On the farm, resident’s days are programed from 6:30 a.m. to 11 p.m. Farming is on the schedule, but it’s not just a chore.
Collecting eggs for breakfast, harvesting greens and tomatoes for that night’s salad and taking care of livestock instills responsibility. By weeding row crops and tending animals they “rediscover things about themselves that they might have lost touch with when they were using drugs and alcohol,” said Mary Beth Ontkush, the program’s therapeutic farm manager. “It’s big and small transformations. A lot of it is letting them be who they are and discover who they are.”
Inch by inch, row by row, the garden they grow is themselves.
The recovery farm, which has been here for close to nine years, serves low-income men aged 18 to 70. They don’t need farm experience or money to enter the program.
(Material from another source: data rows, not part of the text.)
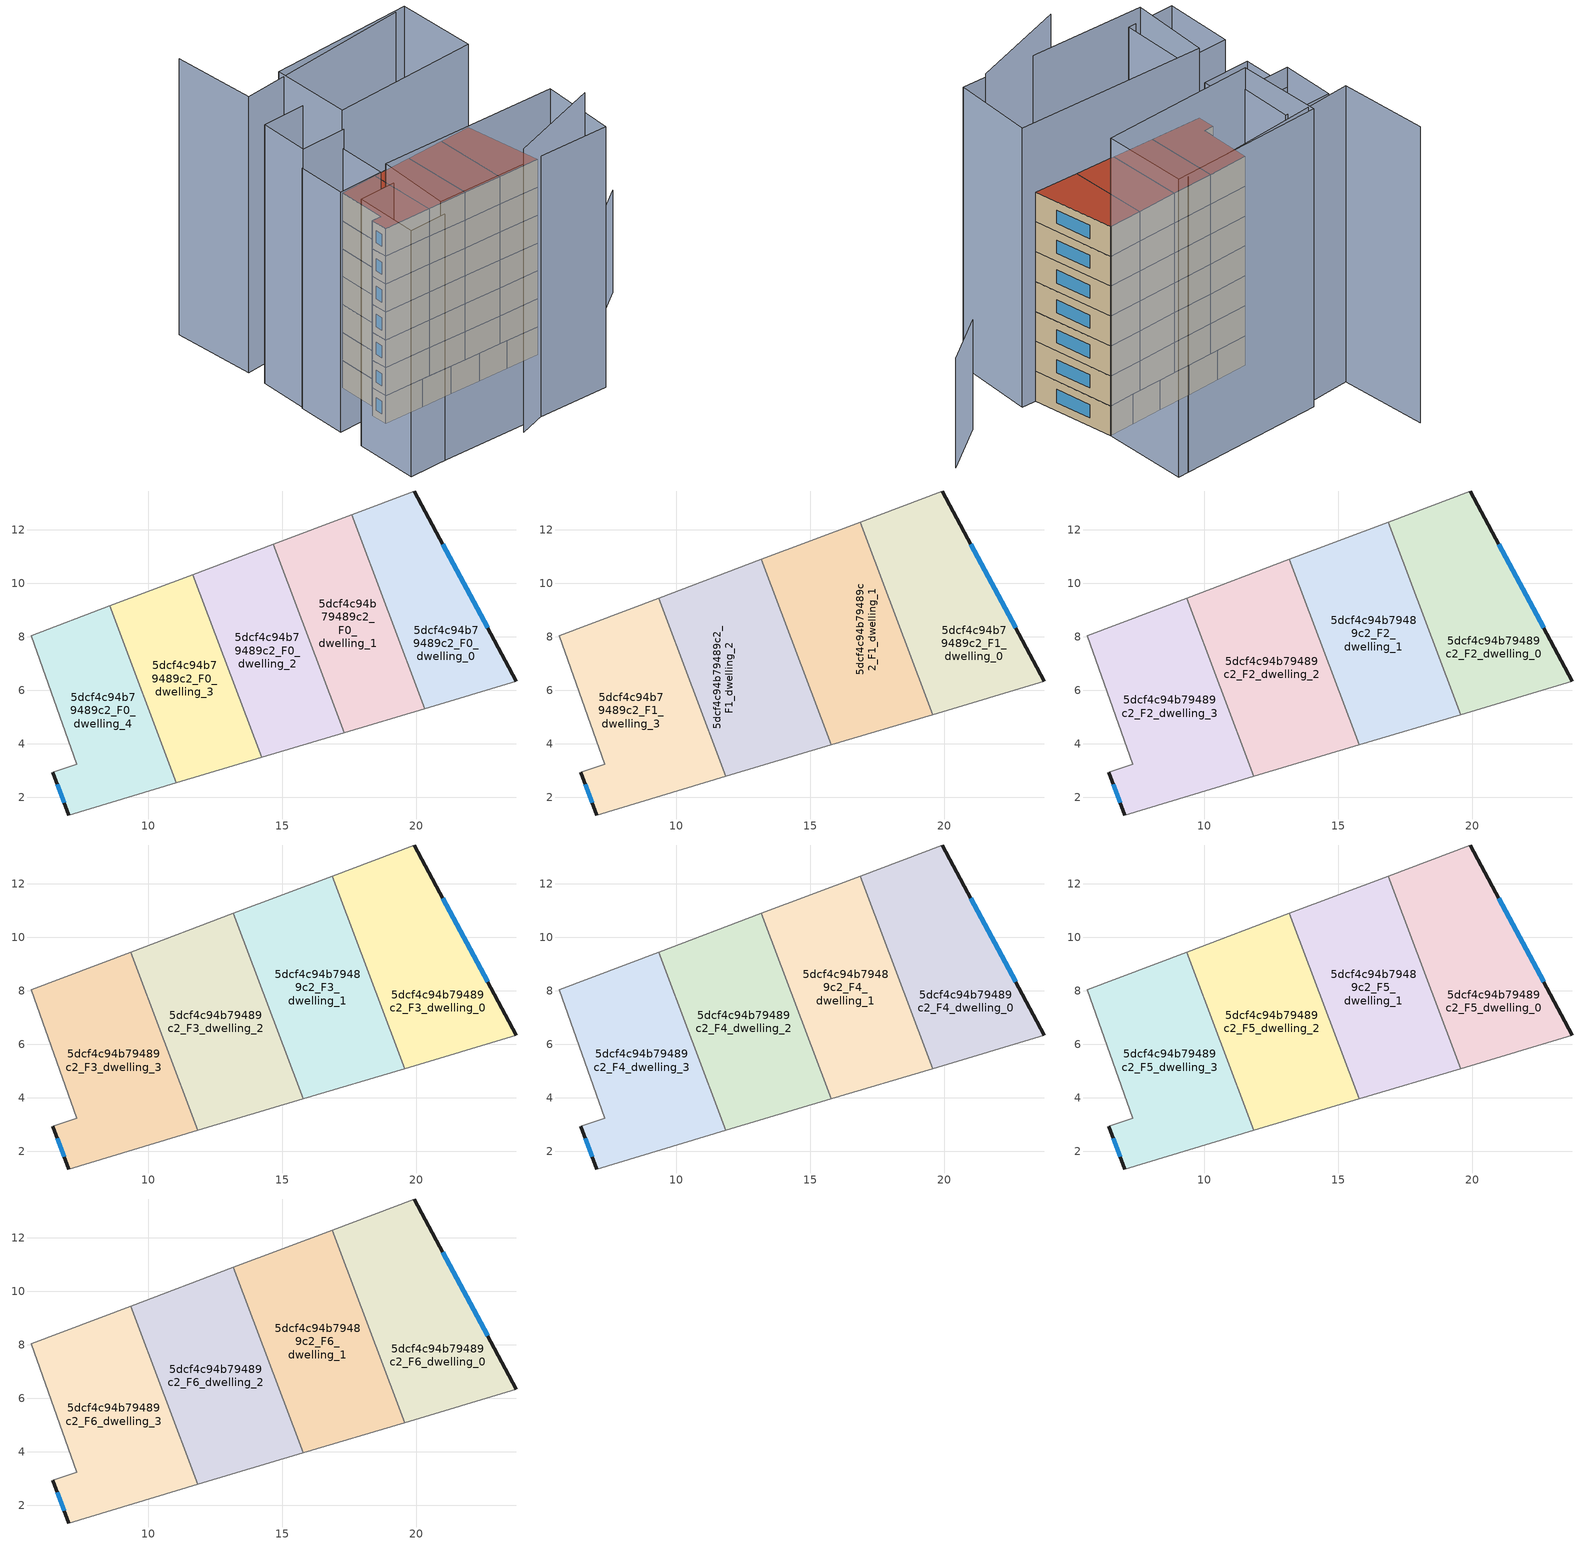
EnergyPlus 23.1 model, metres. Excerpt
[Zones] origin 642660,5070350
5dcf4c94b79489c2_F0_dwelling_0
 floor ground (EU_floor_Construction): 19.94,13.45 23.74,6.34 20.32,5.32 17.59,12.56 z0
 wall outside (EU_wall_Construction): 23.74,6.34 19.94,13.45 z0:3
 wall adiabatic (EU_wall_Construction): 19.94,13.45 17.59,12.56 / 20.32,5.32 23.74,6.34 z0:3
 wall to 5dcf4c94b79489c2_F0_dwelling_1 (EU_wall_Construction): 17.59,12.56 20.32,5.32 z0:3
 window (EU_Window_Construction): 22.67,8.33 21,11.46 z0.84:2.16
5dcf4c94b79489c2_F0_dwelling_1
 floor ground (EU_floor_Construction): 17.59,12.56 20.32,5.32 17.32,4.42 14.67,11.46 z0
 wall adiabatic (EU_wall_Construction): 17.32,4.42 20.32,5.32 / 17.59,12.56 14.67,11.46 z0:3
 wall to 5dcf4c94b79489c2_F0_dwelling_2 (EU_wall_Construction): 14.67,11.46 17.32,4.42 z0:3
5dcf4c94b79489c2_F0_dwelling_2
 floor ground (EU_floor_Construction): 14.67,11.46 17.32,4.42 14.23,3.5 11.66,10.32 z0
 wall adiabatic (EU_wall_Construction): 14.23,3.5 17.32,4.42 / 14.67,11.46 11.66,10.32 z0:3
 wall to 5dcf4c94b79489c2_F0_dwelling_3 (EU_wall_Construction): 11.66,10.32 14.23,3.5 z0:3
5dcf4c94b79489c2_F0_dwelling_3
 floor ground (EU_floor_Construction): 11.66,10.32 14.23,3.5 11.04,2.55 8.55,9.15 z0
 wall adiabatic (EU_wall_Construction): 11.04,2.55 14.23,3.5 / 11.66,10.32 8.55,9.15 z0:3
 wall to 5dcf4c94b79489c2_F0_dwelling_4 (EU_wall_Construction): 8.55,9.15 11.04,2.55 z0:3
5dcf4c94b79489c2_F0_dwelling_4
 floor ground (EU_floor_Construction): 8.55,9.15 11.04,2.55 7.02,1.34 6.42,2.95 7.32,3.25 5.62,8.05 z0
 wall outside (EU_wall_Construction): 6.42,2.95 7.02,1.34 z0:3
 wall adiabatic (EU_wall_Construction): 8.55,9.15 5.62,8.05 7.32,3.25 6.42,2.95 / 7.02,1.34 11.04,2.55 z0:3
 window (EU_Window_Construction): 6.59,2.5 6.86,1.79 z0.84:2.16
5dcf4c94b79489c2_F1_dwelling_0
 floor to 5dcf4c94b79489c2_F0_dwelling_0 (EU_floor_Construction): 19.94,13.45 23.74,6.34 20.32,5.32 17.59,12.56 z3
 floor to 5dcf4c94b79489c2_F0_dwelling_1 (EU_floor_Construction): 17.59,12.56 20.32,5.32 19.57,5.1 16.86,12.29 z3
 wall outside (EU_wall_Construction): 23.74,6.34 19.94,13.45 z3:6
 wall adiabatic (EU_wall_Construction): 19.94,13.45 16.86,12.29 / 19.57,5.1 23.74,6.34 z3:6
 wall to 5dcf4c94b79489c2_F1_dwelling_1 (EU_wall_Construction): 16.86,12.29 19.57,5.1 z3:6
 window (EU_Window_Construction): 22.67,8.33 21,11.46 z3.84:5.16
5dcf4c94b79489c2_F1_dwelling_1
 floor to 5dcf4c94b79489c2_F0_dwelling_1 (EU_floor_Construction): 16.86,12.29 19.57,5.1 17.32,4.42 14.67,11.46 z3
 floor to 5dcf4c94b79489c2_F0_dwelling_2 (EU_floor_Construction): 14.67,11.46 17.32,4.42 15.78,3.96 13.17,10.9 z3
 wall adiabatic (EU_wall_Construction): 15.79,3.96 19.57,5.1 / 16.86,12.29 13.17,10.9 z3:6
 wall to 5dcf4c94b79489c2_F1_dwelling_2 (EU_wall_Construction): 13.17,10.9 15.79,3.96 z3:6
5dcf4c94b79489c2_F1_dwelling_2
 floor to 5dcf4c94b79489c2_F0_dwelling_3 (EU_floor_Construction): 11.66,10.32 14.23,3.5 11.85,2.79 9.34,9.45 z3
 floor to 5dcf4c94b79489c2_F0_dwelling_2 (EU_floor_Construction): 13.17,10.9 15.78,3.96 14.23,3.5 11.66,10.32 z3
 wall adiabatic (EU_wall_Construction): 11.85,2.79 15.79,3.96 / 13.17,10.9 9.34,9.45 z3:6
 wall to 5dcf4c94b79489c2_F1_dwelling_3 (EU_wall_Construction): 9.34,9.45 11.85,2.79 z3:6
5dcf4c94b79489c2_F1_dwelling_3
 floor to 5dcf4c94b79489c2_F0_dwelling_3 (EU_floor_Construction): 9.34,9.45 11.85,2.79 11.04,2.55 8.55,9.15 z3
 floor to 5dcf4c94b79489c2_F0_dwelling_4 (EU_floor_Construction): 8.55,9.15 11.04,2.55 7.02,1.34 6.42,2.95 7.32,3.25 5.62,8.05 z3
 wall outside (EU_wall_Construction): 6.42,2.95 7.02,1.34 z3:6
 wall adiabatic (EU_wall_Construction): 9.34,9.45 5.62,8.05 7.32,3.25 6.42,2.95 / 7.02,1.34 11.85,2.79 z3:6
 window (EU_Window_Construction): 6.59,2.5 6.86,1.79 z3.84:5.16
5dcf4c94b79489c2_F2_dwelling_0
 floor to 5dcf4c94b79489c2_F1_dwelling_0 (EU_floor_Construction): 19.94,13.45 23.74,6.34 19.57,5.1 16.86,12.29 z6
 wall outside (EU_wall_Construction): 23.74,6.34 19.94,13.45 z6:9
 wall adiabatic (EU_wall_Construction): 19.94,13.45 16.86,12.29 / 19.57,5.1 23.74,6.34 z6:9
 wall to 5dcf4c94b79489c2_F2_dwelling_1 (EU_wall_Construction): 16.86,12.29 19.57,5.1 z6:9
 window (EU_Window_Construction): 22.67,8.33 21,11.46 z6.84:8.16
5dcf4c94b79489c2_F2_dwelling_1
 floor to 5dcf4c94b79489c2_F1_dwelling_1 (EU_floor_Construction): 16.86,12.29 19.57,5.1 15.79,3.96 13.17,10.9 z6
 wall adiabatic (EU_wall_Construction): 15.79,3.96 19.57,5.1 / 16.86,12.29 13.17,10.9 z6:9
 wall to 5dcf4c94b79489c2_F2_dwelling_2 (EU_wall_Construction): 13.17,10.9 15.79,3.96 z6:9
5dcf4c94b79489c2_F2_dwelling_2
 floor to 5dcf4c94b79489c2_F1_dwelling_2 (EU_floor_Construction): 13.17,10.9 15.79,3.96 11.85,2.79 9.34,9.45 z6
 wall adiabatic (EU_wall_Construction): 11.85,2.79 15.79,3.96 / 13.17,10.9 9.34,9.45 z6:9
 wall to 5dcf4c94b79489c2_F2_dwelling_3 (EU_wall_Construction): 9.34,9.45 11.85,2.79 z6:9
5dcf4c94b79489c2_F2_dwelling_3
 floor to 5dcf4c94b79489c2_F1_dwelling_3 (EU_floor_Construction): 9.34,9.45 11.85,2.79 7.02,1.34 6.42,2.95 7.32,3.25 5.62,8.05 z6
 wall outside (EU_wall_Construction): 6.42,2.95 7.02,1.34 z6:9
 wall adiabatic (EU_wall_Construction): 9.34,9.45 5.62,8.05 7.32,3.25 6.42,2.95 / 7.02,1.34 11.85,2.79 z6:9
 window (EU_Window_Construction): 6.59,2.5 6.86,1.79 z6.84:8.16
5dcf4c94b79489c2_F3_dwelling_0
 floor to 5dcf4c94b79489c2_F2_dwelling_0 (EU_floor_Construction): 19.94,13.45 23.74,6.34 19.57,5.1 16.86,12.29 z9
 wall outside (EU_wall_Construction): 23.74,6.34 19.94,13.45 z9:12
 wall adiabatic (EU_wall_Construction): 19.94,13.45 16.86,12.29 / 19.57,5.1 23.74,6.34 z9:12
 wall to 5dcf4c94b79489c2_F3_dwelling_1 (EU_wall_Construction): 16.86,12.29 19.57,5.1 z9:12
 window (EU_Window_Construction): 22.67,8.33 21,11.46 z9.84:11.16
5dcf4c94b79489c2_F3_dwelling_1
 floor to 5dcf4c94b79489c2_F2_dwelling_1 (EU_floor_Construction): 16.86,12.29 19.57,5.1 15.79,3.96 13.17,10.9 z9
 wall adiabatic (EU_wall_Construction): 15.79,3.96 19.57,5.1 / 16.86,12.29 13.17,10.9 z9:12
 wall to 5dcf4c94b79489c2_F3_dwelling_2 (EU_wall_Construction): 13.17,10.9 15.79,3.96 z9:12
5dcf4c94b79489c2_F3_dwelling_2
 floor to 5dcf4c94b79489c2_F2_dwelling_2 (EU_floor_Construction): 13.17,10.9 15.79,3.96 11.85,2.79 9.34,9.45 z9
 wall adiabatic (EU_wall_Construction): 11.85,2.79 15.79,3.96 / 13.17,10.9 9.34,9.45 z9:12
 wall to 5dcf4c94b79489c2_F3_dwelling_3 (EU_wall_Construction): 9.34,9.45 11.85,2.79 z9:12
5dcf4c94b79489c2_F3_dwelling_3
 floor to 5dcf4c94b79489c2_F2_dwelling_3 (EU_floor_Construction): 9.34,9.45 11.85,2.79 7.02,1.34 6.42,2.95 7.32,3.25 5.62,8.05 z9
 wall outside (EU_wall_Construction): 6.42,2.95 7.02,1.34 z9:12
 wall adiabatic (EU_wall_Construction): 9.34,9.45 5.62,8.05 7.32,3.25 6.42,2.95 / 7.02,1.34 11.85,2.79 z9:12
 window (EU_Window_Construction): 6.59,2.5 6.86,1.79 z9.84:11.16
5dcf4c94b79489c2_F4_dwelling_0
 floor to 5dcf4c94b79489c2_F3_dwelling_0 (EU_floor_Construction): 19.94,13.45 23.74,6.34 19.57,5.1 16.86,12.29 z12
 wall outside (EU_wall_Construction): 23.74,6.34 19.94,13.45 z12:15
 wall adiabatic (EU_wall_Construction): 19.94,13.45 16.86,12.29 / 19.57,5.1 23.74,6.34 z12:15
 wall to 5dcf4c94b79489c2_F4_dwelling_1 (EU_wall_Construction): 16.86,12.29 19.57,5.1 z12:15
 window (EU_Window_Construction): 22.67,8.33 21,11.46 z12.84:14.16
5dcf4c94b79489c2_F4_dwelling_1
 floor to 5dcf4c94b79489c2_F3_dwelling_1 (EU_floor_Construction): 16.86,12.29 19.57,5.1 15.79,3.96 13.17,10.9 z12
 wall adiabatic (EU_wall_Construction): 15.79,3.96 19.57,5.1 / 16.86,12.29 13.17,10.9 z12:15
 wall to 5dcf4c94b79489c2_F4_dwelling_2 (EU_wall_Construction): 13.17,10.9 15.79,3.96 z12:15
5dcf4c94b79489c2_F4_dwelling_2
 floor to 5dcf4c94b79489c2_F3_dwelling_2 (EU_floor_Construction): 13.17,10.9 15.79,3.96 11.85,2.79 9.34,9.45 z12
 wall adiabatic (EU_wall_Construction): 11.85,2.79 15.79,3.96 / 13.17,10.9 9.34,9.45 z12:15
 wall to 5dcf4c94b79489c2_F4_dwelling_3 (EU_wall_Construction): 9.34,9.45 11.85,2.79 z12:15
5dcf4c94b79489c2_F4_dwelling_3
 floor to 5dcf4c94b79489c2_F3_dwelling_3 (EU_floor_Construction): 9.34,9.45 11.85,2.79 7.02,1.34 6.42,2.95 7.32,3.25 5.62,8.05 z12
 wall outside (EU_wall_Construction): 6.42,2.95 7.02,1.34 z12:15
 wall adiabatic (EU_wall_Construction): 9.34,9.45 5.62,8.05 7.32,3.25 6.42,2.95 / 7.02,1.34 11.85,2.79 z12:15
 window (EU_Window_Construction): 6.59,2.5 6.86,1.79 z12.84:14.16
5dcf4c94b79489c2_F5_dwelling_0
 floor to 5dcf4c94b79489c2_F4_dwelling_0 (EU_floor_Construction): 19.94,13.45 23.74,6.34 19.57,5.1 16.86,12.29 z15
 wall outside (EU_wall_Construction): 23.74,6.34 19.94,13.45 z15:18
 wall adiabatic (EU_wall_Construction): 19.94,13.45 16.86,12.29 / 19.57,5.1 23.74,6.34 z15:18
 wall to 5dcf4c94b79489c2_F5_dwelling_1 (EU_wall_Construction): 16.86,12.29 19.57,5.1 z15:18
 window (EU_Window_Construction): 22.67,8.33 21,11.46 z15.84:17.16
5dcf4c94b79489c2_F5_dwelling_1
 floor to 5dcf4c94b79489c2_F4_dwelling_1 (EU_floor_Construction): 16.86,12.29 19.57,5.1 15.79,3.96 13.17,10.9 z15
 wall adiabatic (EU_wall_Construction): 15.79,3.96 19.57,5.1 / 16.86,12.29 13.17,10.9 z15:18
 wall to 5dcf4c94b79489c2_F5_dwelling_2 (EU_wall_Construction): 13.17,10.9 15.79,3.96 z15:18
5dcf4c94b79489c2_F5_dwelling_2
 floor to 5dcf4c94b79489c2_F4_dwelling_2 (EU_floor_Construction): 13.17,10.9 15.79,3.96 11.85,2.79 9.34,9.45 z15
 wall adiabatic (EU_wall_Construction): 11.85,2.79 15.79,3.96 / 13.17,10.9 9.34,9.45 z15:18
 wall to 5dcf4c94b79489c2_F5_dwelling_3 (EU_wall_Construction): 9.34,9.45 11.85,2.79 z15:18
5dcf4c94b79489c2_F5_dwelling_3
 floor to 5dcf4c94b79489c2_F4_dwelling_3 (EU_floor_Construction): 9.34,9.45 11.85,2.79 7.02,1.34 6.42,2.95 7.32,3.25 5.62,8.05 z15
 wall outside (EU_wall_Construction): 6.42,2.95 7.02,1.34 z15:18
 wall adiabatic (EU_wall_Construction): 9.34,9.45 5.62,8.05 7.32,3.25 6.42,2.95 / 7.02,1.34 11.85,2.79 z15:18
 window (EU_Window_Construction): 6.59,2.5 6.86,1.79 z15.84:17.16
5dcf4c94b79489c2_F6_dwelling_0
 floor to 5dcf4c94b79489c2_F5_dwelling_0 (EU_floor_Construction): 19.94,13.45 23.74,6.34 19.57,5.1 16.86,12.29 z18
 wall outside (EU_wall_Construction): 23.74,6.34 19.94,13.45 z18:21
 wall adiabatic (EU_wall_Construction): 19.94,13.45 16.86,12.29 / 19.57,5.1 23.74,6.34 z18:21
 wall to 5dcf4c94b79489c2_F6_dwelling_1 (EU_wall_Construction): 16.86,12.29 19.57,5.1 z18:21
 window (EU_Window_Construction): 22.67,8.33 21,11.46 z18.84:20.16
 roof outside (EU_roof_Construction): 23.74,6.34 19.94,13.45 16.86,12.29 19.57,5.1 z21
5dcf4c94b79489c2_F6_dwelling_1
 floor to 5dcf4c94b79489c2_F5_dwelling_1 (EU_floor_Construction): 16.86,12.29 19.57,5.1 15.79,3.96 13.17,10.9 z18
 wall adiabatic (EU_wall_Construction): 15.79,3.96 19.57,5.1 / 16.86,12.29 13.17,10.9 z18:21
 wall to 5dcf4c94b79489c2_F6_dwelling_2 (EU_wall_Construction): 13.17,10.9 15.79,3.96 z18:21
 roof outside (EU_roof_Construction): 19.57,5.1 16.86,12.29 13.17,10.9 15.79,3.96 z21
5dcf4c94b79489c2_F6_dwelling_2
 floor to 5dcf4c94b79489c2_F5_dwelling_2 (EU_floor_Construction): 13.17,10.9 15.79,3.96 11.85,2.79 9.34,9.45 z18
 wall adiabatic (EU_wall_Construction): 11.85,2.79 15.79,3.96 / 13.17,10.9 9.34,9.45 z18:21
 wall to 5dcf4c94b79489c2_F6_dwelling_3 (EU_wall_Construction): 9.34,9.45 11.85,2.79 z18:21
 roof outside (EU_roof_Construction): 15.79,3.96 13.17,10.9 9.34,9.45 11.85,2.79 z21
5dcf4c94b79489c2_F6_dwelling_3
 floor to 5dcf4c94b79489c2_F5_dwelling_3 (EU_floor_Construction): 9.34,9.45 11.85,2.79 7.02,1.34 6.42,2.95 7.32,3.25 5.62,8.05 z18
 wall outside (EU_wall_Construction): 6.42,2.95 7.02,1.34 z18:21
 wall adiabatic (EU_wall_Construction): 9.34,9.45 5.62,8.05 7.32,3.25 6.42,2.95 / 7.02,1.34 11.85,2.79 z18:21
 window (EU_Window_Construction): 6.59,2.5 6.86,1.79 z18.84:20.16
 roof outside (EU_roof_Construction): 11.85,2.79 9.34,9.45 5.62,8.05 7.32,3.25 6.42,2.95 7.02,1.34 z21
shading: 8.22,0.52 10.42,-5.76 / 10.42,-5.76 5.92,-7.34 / 5.92,-7.34 3.72,-1.06 / 3.72,-1.06 8.22,0.52 z0:26.5; 7.02,1.34 25.12,6.76 / 25.12,6.76 27.36,-0.73 / 27.36,-0.73 9.27,-6.15 / 9.27,-6.15 7.02,1.34 z0:28; 5.63,8.05 7.33,3.24 / 7.33,3.24 2.82,1.65 / 2.82,1.65 1.12,6.46 / 1.12,6.46 5.63,8.05 z0:25.8; 1.22,6.45 -0.49,11.38 / -0.49,11.38 4.03,12.95 / 4.03,12.95 5.74,8.02 / 5.74,8.02 1.22,6.45 z0:27.8; 17.92,-4.55 26.28,1.55 z0:30.5; 30.2,8.2 33.65,12.94 z0:11; 19.94,13.45 5.63,8.05 / 5.63,8.05 2.69,15.82 / 2.69,15.82 17.01,21.22 / 17.01,21.22 19.94,13.45 z0:29.9; 16.04,20.86 -1.18,13.46 / -1.18,13.46 -4.59,21.4 z0:29.7
[Building]
EU S2 Campaign: North Axis=0; Terrain=City; Solar Distribution=FullExterior
[Site:Location]
Lyon-Bron: Latitude=45.75; Longitude=5; Time Zone=1; Elevation=198
[SizingPeriod:WeatherFileDays]
AnnualSizingPeriod: Begin Month=1; Begin Day of Month=1; End Month=12; End Day of Month=31; Day of Week for Start Day=Monday; Use Weather File Daylight Saving Period=No; Use Weather File Rain and Snow Indicators=No
[MATERIAL]
EU_InternalMass_Material: Roughness=MediumRough; Thickness=0.1; Conductivity=1; Density=1800; Specific Heat=900; Thermal Absorptance=0.9; Solar Absorptance=0.7; Visible Absorptance=0.7
[MATERIAL:NOMASS] Roughness=MediumRough; Thermal Absorptance=0.9; Solar Absorptance=0.7; Visible Absorptance=0.7
Name | Thermal Resistance
EU_wall_NoMass | 0.776494
EU_roof_NoMass | 0.486893
EU_floor_NoMass | 0.421597
[WINDOWMATERIAL:SIMPLEGLAZINGSYSTEM]
EU_Window_SimpleGlazing: UFactor=4.24961; Solar Heat Gain Coefficient=0.83; Visible Transmittance=0.83
[CONSTRUCTION]
EU_wall_Construction: EU_wall_NoMass
EU_roof_Construction: EU_roof_NoMass
EU_floor_Construction: EU_floor_NoMass
EU_InternalMass_Construction: EU_InternalMass_Material
EU_Window_Construction: EU_Window_SimpleGlazing
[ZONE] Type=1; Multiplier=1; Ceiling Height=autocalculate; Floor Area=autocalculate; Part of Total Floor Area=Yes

After six months some have gone on to pursue a life in agriculture, but the real goal is meaningful sobriety.
Referred by shelters, detox programs, Alcoholics Anonymous or probation officers, some residents are surprised that hope arising from despair can be found through agriculture.
“This is reconnecting me to a time when I actually enjoyed life,” said Duncan Blow, a 34-year-old who did jail time for burglaries to fuel his heroin addiction. “When I was running around with heroin on the streets of Biddeford, I would often think if I died that day it wouldn’t bother me.”
Now he wakes up in the morning and isn’t looking for his next fix. He’s thinking about the ducks. Do they need more shade on a hot summer day?
“Seems crazy to think that this is a rehab, to come out and work in a garden,” said Blow, a razor-thin man with spiky hair and missing teeth. “It’s been the best thing for me in a long time. I enjoy it every day. I don’t care if it’s raining or 120 degrees out, I’ll come out here and go to work. I love it.”
While putting the scattered pieces of their lives back, weeding a raspberry patch helps. “They don’t have to think about the past or the future,” said Ontkush. Just harvesting kale, feeding the pigs or keeping the ducks sheltered is vibrant reality right in front of them.
Inside a refurbished farmhouse, they have meals and participate in group sessions and AA meetings. But a transformative next step to recovery waits right outside on the fertile rolling acres.
“I feel like it’s saving my life every day,” said Blow. “When I come out here I gain that sense of connection to the land.”
The potency of the program is a perfect illustration of why they came here. A life can be rebuilt from ruins. Agriculture speaks to their ravaged nature without words. Through the seasons, the cycle of life unfolds before them.
“They start seeds under grow lights in February,” says Ouellette. “To see grown men gather around these little seedlings, witness their joy and excitement as they sprout and hearing them talk about the renewal of life, that things go on and start again. And they can start over, too.”
For men like Simpson, who lost his home in Kennebunk, his wife and identity when the bottle called, the country setting restores him. “I could’ve gone to treatment in the city, but it’s dangerous. Too many temptations,” he said. Working outside, or in the greenhouse, walking trails along the property, viewing the White Mountains on a good day, he feels he can make it.
“The most important thing for me is peace and quiet. I grew up in an alcoholic home, all I wanted was peace and quiet,” said Simpson, looking off into the distance. “The quality in my sobriety will come.”